Kata kata Desta membuat misinya terasa gagal dimuka. Ia tak mampu menjadi duta yang baik bagi sahabatnya, Tiara, yang ingin memiliki Cinta Desta yang juga sahabatnya.
“Sejauh itu kamu punya pandangan atas cinta, Desta. Bagaimana mungkin hidup tanpa cinta” kata Anjani mencoba mempertanyakan pandangan sahabatnya.
“Apa hatimu telah dibuat patah oleh cinta, dan kau tak percaya lagi padanya?” sambung Anjani seperti tak percaya.
Desta menggelengkan kepalanya.
“Melipat cinta dari kehidupan itu suatu keputasan besar, Desta. Pasti itu terjadi juga karena ada peristiwa besar. Aku tak melihat ada peristiwa itu dalam dirimu.” Anjani seperti hendak mencari jejak pikiran sahabatnya yang sulit dipahami.
Desta berdiri dari kursinya. Ia berjalan beberapa langkah sambil kedua tangannya dimasukan dalam sakunya.
“Tempat ini jadi saksi perubahan sikapku,” kata Desta datar.

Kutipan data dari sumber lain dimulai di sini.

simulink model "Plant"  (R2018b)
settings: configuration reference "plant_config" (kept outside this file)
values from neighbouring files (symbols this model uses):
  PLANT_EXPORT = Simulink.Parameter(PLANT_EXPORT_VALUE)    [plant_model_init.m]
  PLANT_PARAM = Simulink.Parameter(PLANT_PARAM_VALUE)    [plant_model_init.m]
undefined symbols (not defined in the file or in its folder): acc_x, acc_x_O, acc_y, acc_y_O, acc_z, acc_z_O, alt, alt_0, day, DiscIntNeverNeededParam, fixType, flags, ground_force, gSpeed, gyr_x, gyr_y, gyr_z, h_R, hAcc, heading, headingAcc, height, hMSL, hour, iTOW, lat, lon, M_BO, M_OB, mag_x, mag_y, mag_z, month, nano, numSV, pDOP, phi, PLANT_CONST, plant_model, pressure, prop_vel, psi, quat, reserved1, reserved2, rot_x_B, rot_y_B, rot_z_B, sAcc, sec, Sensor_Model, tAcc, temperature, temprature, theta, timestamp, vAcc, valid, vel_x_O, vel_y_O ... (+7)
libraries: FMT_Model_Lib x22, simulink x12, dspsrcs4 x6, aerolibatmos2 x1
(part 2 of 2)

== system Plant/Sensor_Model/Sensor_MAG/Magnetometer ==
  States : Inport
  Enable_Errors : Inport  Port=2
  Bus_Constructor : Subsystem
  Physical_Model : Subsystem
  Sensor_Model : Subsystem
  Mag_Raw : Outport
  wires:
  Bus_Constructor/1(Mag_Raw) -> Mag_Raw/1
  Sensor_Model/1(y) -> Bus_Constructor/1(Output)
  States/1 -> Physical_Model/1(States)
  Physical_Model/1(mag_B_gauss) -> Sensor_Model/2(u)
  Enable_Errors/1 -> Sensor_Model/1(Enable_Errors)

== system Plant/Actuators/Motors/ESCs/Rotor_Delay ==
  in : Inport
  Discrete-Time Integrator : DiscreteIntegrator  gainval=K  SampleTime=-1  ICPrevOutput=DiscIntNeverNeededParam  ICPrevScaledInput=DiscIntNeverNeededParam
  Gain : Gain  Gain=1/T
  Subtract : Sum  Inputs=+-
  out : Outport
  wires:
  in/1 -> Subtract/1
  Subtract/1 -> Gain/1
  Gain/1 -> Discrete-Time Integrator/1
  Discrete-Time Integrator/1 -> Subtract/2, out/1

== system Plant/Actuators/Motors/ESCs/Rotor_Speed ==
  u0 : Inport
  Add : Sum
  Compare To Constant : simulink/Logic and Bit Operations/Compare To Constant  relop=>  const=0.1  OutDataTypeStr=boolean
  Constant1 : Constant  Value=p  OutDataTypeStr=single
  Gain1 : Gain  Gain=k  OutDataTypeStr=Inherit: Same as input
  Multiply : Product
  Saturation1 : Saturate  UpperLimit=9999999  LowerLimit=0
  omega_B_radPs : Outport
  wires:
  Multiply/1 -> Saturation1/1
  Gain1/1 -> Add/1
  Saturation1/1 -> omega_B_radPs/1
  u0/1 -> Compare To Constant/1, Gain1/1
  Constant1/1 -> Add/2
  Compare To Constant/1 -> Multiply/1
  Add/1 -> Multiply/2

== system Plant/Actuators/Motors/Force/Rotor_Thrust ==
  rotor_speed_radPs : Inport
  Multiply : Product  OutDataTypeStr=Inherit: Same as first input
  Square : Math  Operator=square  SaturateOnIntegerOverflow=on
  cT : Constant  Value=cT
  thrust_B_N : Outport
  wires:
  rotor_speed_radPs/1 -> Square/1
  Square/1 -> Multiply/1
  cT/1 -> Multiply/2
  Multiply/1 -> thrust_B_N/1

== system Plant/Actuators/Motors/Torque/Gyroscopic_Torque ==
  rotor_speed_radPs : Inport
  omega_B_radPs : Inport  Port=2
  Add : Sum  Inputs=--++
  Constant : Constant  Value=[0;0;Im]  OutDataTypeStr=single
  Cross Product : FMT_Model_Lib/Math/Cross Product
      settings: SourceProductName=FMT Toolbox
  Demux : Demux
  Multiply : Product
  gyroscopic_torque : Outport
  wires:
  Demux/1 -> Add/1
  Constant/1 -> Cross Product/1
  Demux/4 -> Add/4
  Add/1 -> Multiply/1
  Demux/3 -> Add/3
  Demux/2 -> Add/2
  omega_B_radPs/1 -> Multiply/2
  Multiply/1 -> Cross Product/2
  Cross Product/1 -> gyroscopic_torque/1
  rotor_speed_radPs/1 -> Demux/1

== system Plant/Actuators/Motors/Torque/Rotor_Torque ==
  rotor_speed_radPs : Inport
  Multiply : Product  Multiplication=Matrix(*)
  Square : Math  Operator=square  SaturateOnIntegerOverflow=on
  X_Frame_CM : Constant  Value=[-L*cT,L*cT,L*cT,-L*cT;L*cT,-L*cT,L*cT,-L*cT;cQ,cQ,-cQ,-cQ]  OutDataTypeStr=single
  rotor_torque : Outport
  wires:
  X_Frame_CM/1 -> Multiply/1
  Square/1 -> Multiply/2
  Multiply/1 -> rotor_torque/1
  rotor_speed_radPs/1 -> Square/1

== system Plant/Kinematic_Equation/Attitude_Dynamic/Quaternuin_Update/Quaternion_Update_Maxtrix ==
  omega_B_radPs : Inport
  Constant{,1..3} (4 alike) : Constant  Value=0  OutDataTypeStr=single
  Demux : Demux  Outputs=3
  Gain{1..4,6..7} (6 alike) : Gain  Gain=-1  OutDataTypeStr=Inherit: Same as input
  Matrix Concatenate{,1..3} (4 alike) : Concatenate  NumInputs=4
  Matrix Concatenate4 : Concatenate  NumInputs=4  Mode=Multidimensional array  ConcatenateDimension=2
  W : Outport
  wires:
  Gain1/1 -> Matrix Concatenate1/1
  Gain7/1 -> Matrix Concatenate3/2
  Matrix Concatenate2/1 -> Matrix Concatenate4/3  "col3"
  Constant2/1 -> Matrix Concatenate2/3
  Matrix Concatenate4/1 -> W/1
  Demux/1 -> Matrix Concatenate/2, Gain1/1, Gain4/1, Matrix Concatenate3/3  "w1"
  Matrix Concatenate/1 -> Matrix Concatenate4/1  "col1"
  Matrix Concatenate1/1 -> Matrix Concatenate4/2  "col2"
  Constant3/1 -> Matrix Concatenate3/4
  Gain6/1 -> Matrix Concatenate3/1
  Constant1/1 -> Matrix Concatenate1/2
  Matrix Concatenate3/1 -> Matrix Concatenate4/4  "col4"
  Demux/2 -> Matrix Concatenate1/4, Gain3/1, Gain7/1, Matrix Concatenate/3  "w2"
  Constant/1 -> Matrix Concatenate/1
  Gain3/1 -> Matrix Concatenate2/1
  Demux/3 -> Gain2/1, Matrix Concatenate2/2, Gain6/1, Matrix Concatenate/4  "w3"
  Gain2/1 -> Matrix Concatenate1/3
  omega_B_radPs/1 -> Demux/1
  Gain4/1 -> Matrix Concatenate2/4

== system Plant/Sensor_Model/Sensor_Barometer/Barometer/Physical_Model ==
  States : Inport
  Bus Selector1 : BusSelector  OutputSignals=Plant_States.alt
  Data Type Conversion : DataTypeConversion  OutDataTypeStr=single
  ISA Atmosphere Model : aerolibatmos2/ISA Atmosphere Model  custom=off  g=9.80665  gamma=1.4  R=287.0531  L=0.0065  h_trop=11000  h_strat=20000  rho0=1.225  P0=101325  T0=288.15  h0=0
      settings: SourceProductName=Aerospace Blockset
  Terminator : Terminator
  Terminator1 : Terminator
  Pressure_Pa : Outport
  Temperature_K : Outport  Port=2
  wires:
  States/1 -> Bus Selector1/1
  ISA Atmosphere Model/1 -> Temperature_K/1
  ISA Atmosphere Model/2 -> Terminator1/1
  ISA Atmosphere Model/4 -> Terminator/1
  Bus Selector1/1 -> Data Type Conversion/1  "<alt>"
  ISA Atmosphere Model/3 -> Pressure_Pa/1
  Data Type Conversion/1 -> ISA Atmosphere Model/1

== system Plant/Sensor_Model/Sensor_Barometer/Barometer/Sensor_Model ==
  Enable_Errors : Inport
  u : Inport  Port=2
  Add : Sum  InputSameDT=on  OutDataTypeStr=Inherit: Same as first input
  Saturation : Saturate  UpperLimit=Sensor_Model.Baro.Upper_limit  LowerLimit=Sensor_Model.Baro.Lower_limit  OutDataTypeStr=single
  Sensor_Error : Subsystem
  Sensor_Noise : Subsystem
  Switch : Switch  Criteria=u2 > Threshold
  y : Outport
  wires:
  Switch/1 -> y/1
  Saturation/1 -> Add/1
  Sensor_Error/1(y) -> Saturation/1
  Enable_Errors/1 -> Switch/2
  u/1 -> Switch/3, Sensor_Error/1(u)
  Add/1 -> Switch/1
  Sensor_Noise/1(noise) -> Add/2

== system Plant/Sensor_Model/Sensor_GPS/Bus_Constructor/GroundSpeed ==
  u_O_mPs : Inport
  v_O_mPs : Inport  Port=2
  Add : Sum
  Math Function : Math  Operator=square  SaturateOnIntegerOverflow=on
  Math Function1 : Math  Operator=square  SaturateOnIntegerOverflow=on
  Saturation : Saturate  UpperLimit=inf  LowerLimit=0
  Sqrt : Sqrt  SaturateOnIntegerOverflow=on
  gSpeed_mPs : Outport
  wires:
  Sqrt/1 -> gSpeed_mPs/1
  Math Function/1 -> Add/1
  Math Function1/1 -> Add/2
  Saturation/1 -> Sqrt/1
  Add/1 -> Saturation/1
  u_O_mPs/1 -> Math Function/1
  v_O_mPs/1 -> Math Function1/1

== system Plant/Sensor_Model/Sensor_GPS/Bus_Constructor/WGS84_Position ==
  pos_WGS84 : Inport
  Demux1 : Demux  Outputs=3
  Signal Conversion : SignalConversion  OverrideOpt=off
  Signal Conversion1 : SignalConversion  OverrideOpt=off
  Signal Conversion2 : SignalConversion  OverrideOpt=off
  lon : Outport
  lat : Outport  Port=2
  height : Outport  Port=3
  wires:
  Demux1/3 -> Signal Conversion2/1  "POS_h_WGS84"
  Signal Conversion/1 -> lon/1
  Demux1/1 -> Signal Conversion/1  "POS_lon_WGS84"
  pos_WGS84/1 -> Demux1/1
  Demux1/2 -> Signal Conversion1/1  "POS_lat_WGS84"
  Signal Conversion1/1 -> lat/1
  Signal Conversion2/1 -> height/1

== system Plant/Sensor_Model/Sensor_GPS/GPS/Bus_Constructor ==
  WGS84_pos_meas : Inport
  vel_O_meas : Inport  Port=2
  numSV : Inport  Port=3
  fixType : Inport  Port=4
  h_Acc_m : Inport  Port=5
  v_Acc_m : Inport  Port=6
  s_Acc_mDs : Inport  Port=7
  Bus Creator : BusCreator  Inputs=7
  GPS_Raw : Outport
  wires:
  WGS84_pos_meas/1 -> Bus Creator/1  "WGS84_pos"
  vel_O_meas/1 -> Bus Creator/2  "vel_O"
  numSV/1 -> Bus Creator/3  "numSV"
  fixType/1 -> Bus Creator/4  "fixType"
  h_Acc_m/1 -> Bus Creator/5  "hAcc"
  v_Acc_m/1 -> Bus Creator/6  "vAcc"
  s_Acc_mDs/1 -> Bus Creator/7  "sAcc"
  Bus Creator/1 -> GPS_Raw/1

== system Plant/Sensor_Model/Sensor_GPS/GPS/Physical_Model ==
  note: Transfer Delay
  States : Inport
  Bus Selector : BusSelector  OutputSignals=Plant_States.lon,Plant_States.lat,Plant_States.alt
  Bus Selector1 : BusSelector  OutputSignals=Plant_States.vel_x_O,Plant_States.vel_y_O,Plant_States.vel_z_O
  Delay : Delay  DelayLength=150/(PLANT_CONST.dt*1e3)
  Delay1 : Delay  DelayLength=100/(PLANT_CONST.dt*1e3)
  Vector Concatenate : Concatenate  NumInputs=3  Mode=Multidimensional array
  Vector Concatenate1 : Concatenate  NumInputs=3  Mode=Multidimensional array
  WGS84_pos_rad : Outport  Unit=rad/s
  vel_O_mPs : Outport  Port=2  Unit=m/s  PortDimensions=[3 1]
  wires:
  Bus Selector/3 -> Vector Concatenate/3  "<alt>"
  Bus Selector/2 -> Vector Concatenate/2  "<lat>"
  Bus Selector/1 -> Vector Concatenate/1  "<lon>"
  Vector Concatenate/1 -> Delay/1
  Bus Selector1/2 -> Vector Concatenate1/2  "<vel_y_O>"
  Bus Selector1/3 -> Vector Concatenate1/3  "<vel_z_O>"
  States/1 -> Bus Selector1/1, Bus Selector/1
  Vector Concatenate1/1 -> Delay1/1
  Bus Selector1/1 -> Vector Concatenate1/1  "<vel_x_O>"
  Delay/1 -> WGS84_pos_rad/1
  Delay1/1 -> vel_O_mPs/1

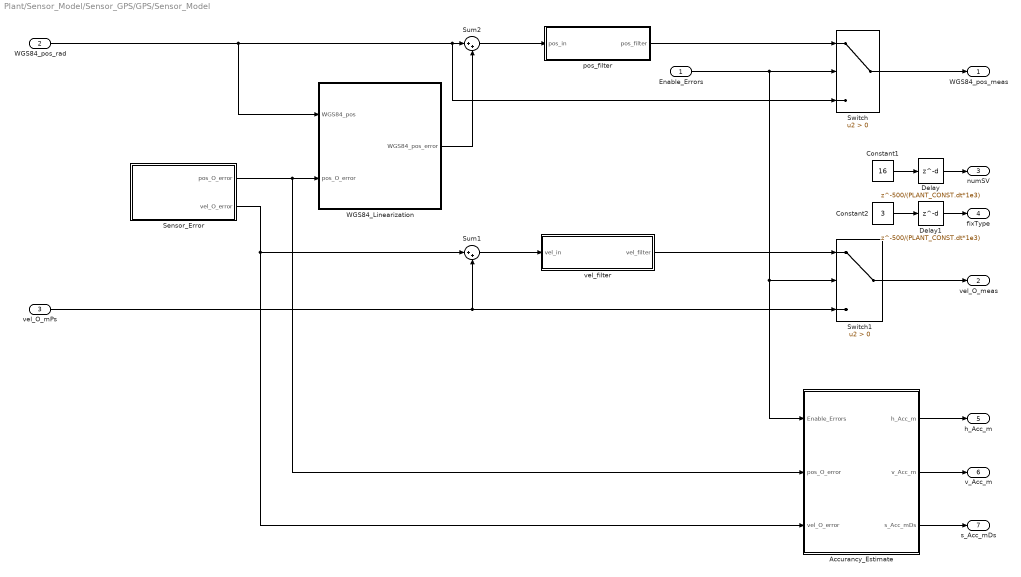
== system Plant/Sensor_Model/Sensor_GPS/GPS/Sensor_Model ==
  Enable_Errors : Inport
  WGS84_pos_rad : Inport  Port=2
  vel_O_mPs : Inport  Port=3
  Accurancy_Estimate : Subsystem
  Constant1 : Constant  Value=16  OutDataTypeStr=Inherit: Inherit via back propagation
  Constant2 : Constant  Value=3  OutDataTypeStr=Inherit: Inherit via back propagation
  Delay : Delay  DelayLength=500/(PLANT_CONST.dt*1e3)
  Delay1 : Delay  DelayLength=500/(PLANT_CONST.dt*1e3)
  Sensor_Error : Subsystem
  Sum1 : Sum  Inputs=|++
  Sum2 : Sum  Inputs=|++
  Switch : Switch  Criteria=u2 > Threshold
  Switch1 : Switch  Criteria=u2 > Threshold
  WGS84_Linearization : Subsystem
  pos_filter : Subsystem
  vel_filter : Subsystem
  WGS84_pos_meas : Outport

Anjani dan Desta adalah dua diantara empat sahabat lain yang bertemu sejak awal masuk kuliah. Satu sahabat bernama Dani sudah lulus sebelum masanya lantaran tergolong mahasiswa pintar. Satu sahabat lain pindah kampus menginjak tahun kedua. Keempat sahabat berbeda jurusan itu punya tempat bertemu disebuah resto lesehan dekat kolam ikan dan taman yang lumayan asri. Tempat itu sudah jadi langganan pertemuan mereka sejak empat tahun silam untuk berbagi apa saja.
“Aku tak paham, Desta. Ditempat ini tak pernah kudengar ada peristiwa besar. Kamu tak pernah cerita apapun,” kata Anjani tak mengerti.
Desta mengangguk angguk. Matanya mengarah pada kolam yang penuh ikan hias warna warni.
“Kamu selalu protes setiap kali aku putus cinta dan setiap aku ganti pacar, bukan begitu?” kata Desta sambil mengarahkan pandangan ke arah Anjani, sahabatnya.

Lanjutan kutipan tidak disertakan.